If you're not a convicted criminal, but rather, a committed writer, then choose your sentence structure, not based on the length, but on the rhythm and meaning you are striving to achieve. Some will be short. Some will take on a life of their own, like that shark you hefted into the boat, which lay there for several minutes as though dead, but as soon as you tried to move it, began to thrash about, knocking you almost unconscious and endangering your life, or the possum which your Schnauzer mauled senseless that you were carrying away in a shovel to bury it, when suddenly you noticed that the dead possum was eyeing your actions carefully.

Style is rhythm cries Woolf in this next passage which Virginia originally wrote to a writer friend:

[page 47] "Style is a very simple matter; it is all rhythm. Once you get that, you can't use the wrong words. But on the other hand there am I sitting after half the morning, crammed with ideas, and visions, and so on, and can't dislodge them, for lack of the right rhythm. Now this is very profound, what rhythm is, and goes far deeper than words. A sight, an emotion, creates this wave in the mind, long before it makes words to fit it. . . ."

By the time I finished the first paragraph of Chapter Five, Adjective and Adverb, I had noticed that the word "adjective" contains the word "diet" and that one should strive to write adjective-lite and adverb-lite at all costs. Not to remove all adjectives and adverbs, but strive to avoid an adjective in front of a noun when a descriptive noun can replace both, as "clown" does for "funny man", "sped" does for "ran quickly", and "growl" does for "growling voice". (Page 61)

Le Guin is not much for rules, but somehow she manages to ban one word. That word is "somehow". Somehow you just know it's an empty word. She bans its use when she teaches science fiction and fantasy writing, calling it a "weasel word" — an excuse for lazy thinking about what is really going on. If you use weasel words, soon your reader will find a way to weasel out of reading your stuff any further.

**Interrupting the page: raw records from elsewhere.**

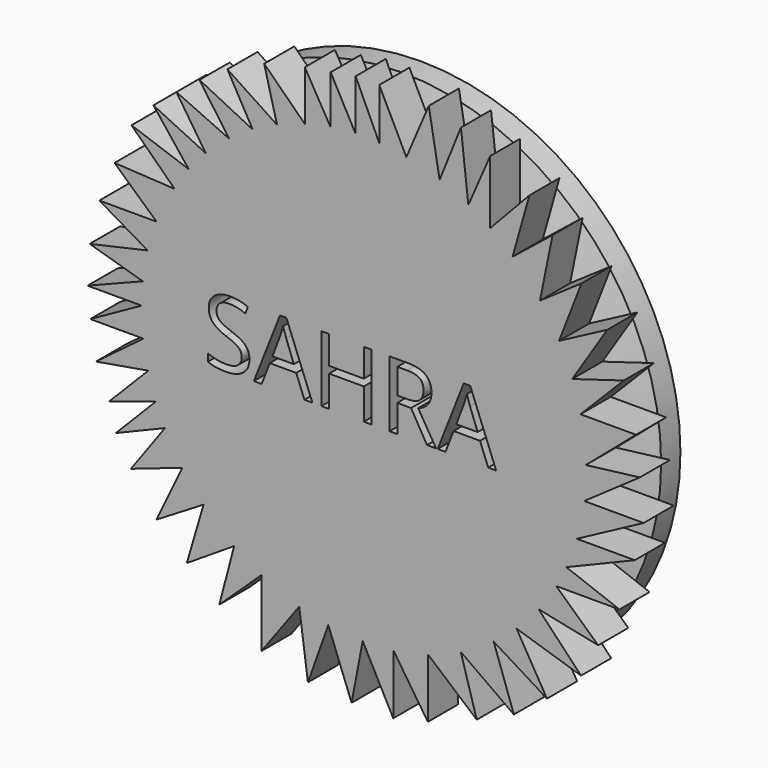
from build123d import *

# Parameters (mm, degrees)
F0_W         = 15.0114
F0_H         = 14.1830341901
F0_W_2       = 7.2136
F0_H_2       = 22.4835798259
F2_R         = 1.5875
F3_SIZE      = 0.79375
F4_SIZE2     = 6.35
F4_SIZE      = 1.5748
F6_DEPTH     = 6.35
F7_TEXT_SIZE = 15.5744970673
F8_DEPTH     = 5.08
F9_R         = 5.08


# Not quite as in the source:
# - Text() gives the source's letters only with a copy of the font that has no kerning and outlines rounded to 1/6400 em; it was checked with that copy


with BuildPart() as f1:
    # F0 (on Right) → F1 (revolve)
    with BuildSketch(Plane.YZ):
        with Locations((5.3087373331, -14.2041580942)):
            Rectangle(F0_W, F0_H)
        with Locations((-5.8037626669, -14.2041580942)):
            Rectangle(F0_W_2, F0_H)
        with Locations((-5.8037626669, -32.5374651022)):
            Rectangle(F0_W_2, F0_H_2)
    revolve(axis=Axis((0, 18.1947540087, 0), (0, 1, 0)))

    # F2
    f2_edges = [f1.edges().sort_by_distance(p)[0] for p in [
        (0, -2.196963, 21.295675),
    ]]
    fillet(f2_edges, radius=F2_R)

    # F3
    f3_edges = [f1.edges().sort_by_distance(p)[0] for p in [
        (0, 12.814437, 21.295675),
    ]]
    chamfer(f3_edges, length=F3_SIZE)

    # F4
    f4_edges = [f1.edges().sort_by_distance(p)[0] for p in [
        (0, -9.410563, 43.779255),
        (0, -2.196963, 43.779255),
    ]]
    f4_side = f1.faces().sort_by_distance((0, -5.803763, 43.779255))[0]
    chamfer(f4_edges, length=F4_SIZE, length2=F4_SIZE2, reference=f4_side)

    # F5 (on face) → F6 (join)
    with BuildSketch(Plane.XZ.offset(9.4105626669)):
        Polygon((-22.696380741, 29.7627860297), (-31.5618552268, 33.7978489697), (-26.6145392206, 26.3175879037), (-35.4385823011, 30.5677186698), (-29.5037029228, 23.0321654396), (-39.1351729631, 26.4044106007), (-31.8752378225, 19.3291287869), (-41.9888794422, 19.8935642838), (-34.9193755739, 13.4753976017), (-44.5534735918, 13.4753976017), (-36.4001131606, 8.7167019501), (-46.1747087538, 6.5206927247), (-37.2277001301, 3.8791073737), (-46.5395227076, 0.2007674251), (-37.4287165614, 0.2007674251), (-46.0751588329, -4.6051374351), (-37.1448763654, -4.6051374351), (-45.1203286648, -10.5971936136), (-36.3099534916, -9.0849550593), (-42.9254546762, -15.81521146), (-35.0134893374, -13.2289340242), (-41.7767092586, -20.1162956655), (-33.5010257201, -16.6922259359), (-39.2341427505, -24.5972909033), (-30.5527686181, -21.6212270874), (-34.9266529083, -30.7327434421), (-26.9923590742, -25.9299379599), (-29.8064574599, -35.5097055435), (-21.8394795726, -30.3971423491), (-24.3302732706, -39.8891754448), (-17.2540433705, -33.2151639822), (-17.2540433705, -44.4924049079), (-10.8719548077, -35.8154956639), (-9.4040138647, -46.5713590384), (-5.9724703897, -36.9496783266), (-2.0475925412, -47.2171828151), (-0.175778332, -37.4288422606), (4.9754025578, -47.2326587704), (4.9754025578, -37.0970955788), (10.8054888869, -45.8705916614), (10.8054888869, -35.8356043748), (19.0439000726, -42.8679063916), (16.3501440553, -33.6693023445), (25.2998489887, -40.0562286377), (21.9003674813, -30.3533035299), (30.885418877, -35.8894094825), (25.7503731495, -27.1637150194), (36.622684449, -30.608240515), (29.4668049751, -23.0793530142), (39.5078137517, -25.1674614847), (32.4329394923, -18.682975322), (43.092764914, -18.682975322), (34.1486646787, -15.3237668887), (45.6794271609, -10.5363345907), (35.9156621043, -10.5363345907), (47.1741751785, -4.5291274876), (37.1542209607, -4.5291274876), (46.5385578573, 2.0259069279), (37.4184992982, 0.8972409161), (45.8855362991, 8.1386118317), (36.5337122183, 8.1386118317), (43.8198372722, 15.5148757622), (35.13137933, 12.9126030439), (41.0425961018, 22.137388587), (32.904731868, 17.8389391974), (36.6931408644, 27.6000387967), (29.7004223929, 22.7779288057), (31.8169295788, 33.1723019481), (25.0812474996, 27.7827312347), (27.9109962285, 37.8064289689), (21.2944149971, 30.7814395525), (21.2944149971, 41.4811894298), (17.6301024781, 33.0170958385), (16.3774080575, 44.1186800599), (12.7857492829, 35.1777450424), (10.9621146694, 45.5788075924), (7.181599386, 36.7338231233), (2.617625427, 45.9594504495), (2.617625427, 37.3376106375), (-1.3658080232, 45.959450398), (-1.3658080232, 37.4043272823), (-5.5709413984, 45.1842073766), (-5.5709413984, 37.0123458177), (-9.9309971909, 44.5123319152), (-9.9309971909, 36.0877323448), (-16.7754907161, 42.8068004549), (-14.6193910426, 34.456095782), (-22.9774229228, 39.9642474949), (-18.7153591286, 32.4142632753), (-27.6805534959, 36.8632860482), align=None)
    extrude(amount=F6_DEPTH)

    # F7 (on face) → F8 (cut)
    with BuildSketch(Plane.XZ.offset(15.7605626669)):
        with Locations((-27.0626470447, -4.841722548)):
            Text('SAHRA', F7_TEXT_SIZE, font='Open Sans', text_align=(TextAlign.LEFT, TextAlign.BOTTOM))
    extrude(amount=-F8_DEPTH, mode=Mode.SUBTRACT)

    # F9
    f9_edges = [f1.edges().sort_by_distance(p)[0] for p in [
        (0, 12.814437, 7.112641),
    ]]
    fillet(f9_edges, radius=F9_R)


solid = f1.part

She offers Exercise Five as a Chastity exercise in which one must avoid using adjectives and adverbs and omitting dialogue. Here was my spontaneous effort at chastity:

He ate, noticing the time nearing 10 before the hour, the shadows growing across the brickwork, the janitors moving about with dustpans and brooms. Could he make the shuttle back to his hotel? Would his son from Indiana be there? Would he have time to digest his meal before he received his son's news?

Anyone who has had to deal with passive-aggressive people will recognize their almost universal use of the passive voice. It is maddening to have a person dump their opinions upon you as if they carried the weight of the world. These people anger me, possibly because I often use the passive voice when talking or writing myself, a legacy of my own academic training as a scientist.

[page 68] People often use the passive voice because it's indirect, polite, unaggressive, and admirably suited to making thoughts seem as if nobody had personally thought them and deeds seem as if nobody had done them, so that nobody need take responsibility. Thus the passive is beloved of bureaucrats and timid academics, and generally shunned by writers who do want to take responsibility . The cowardly writer says, "It is believed that being is constituted by ratiocination." The brave writer says, "I think, therefore I am."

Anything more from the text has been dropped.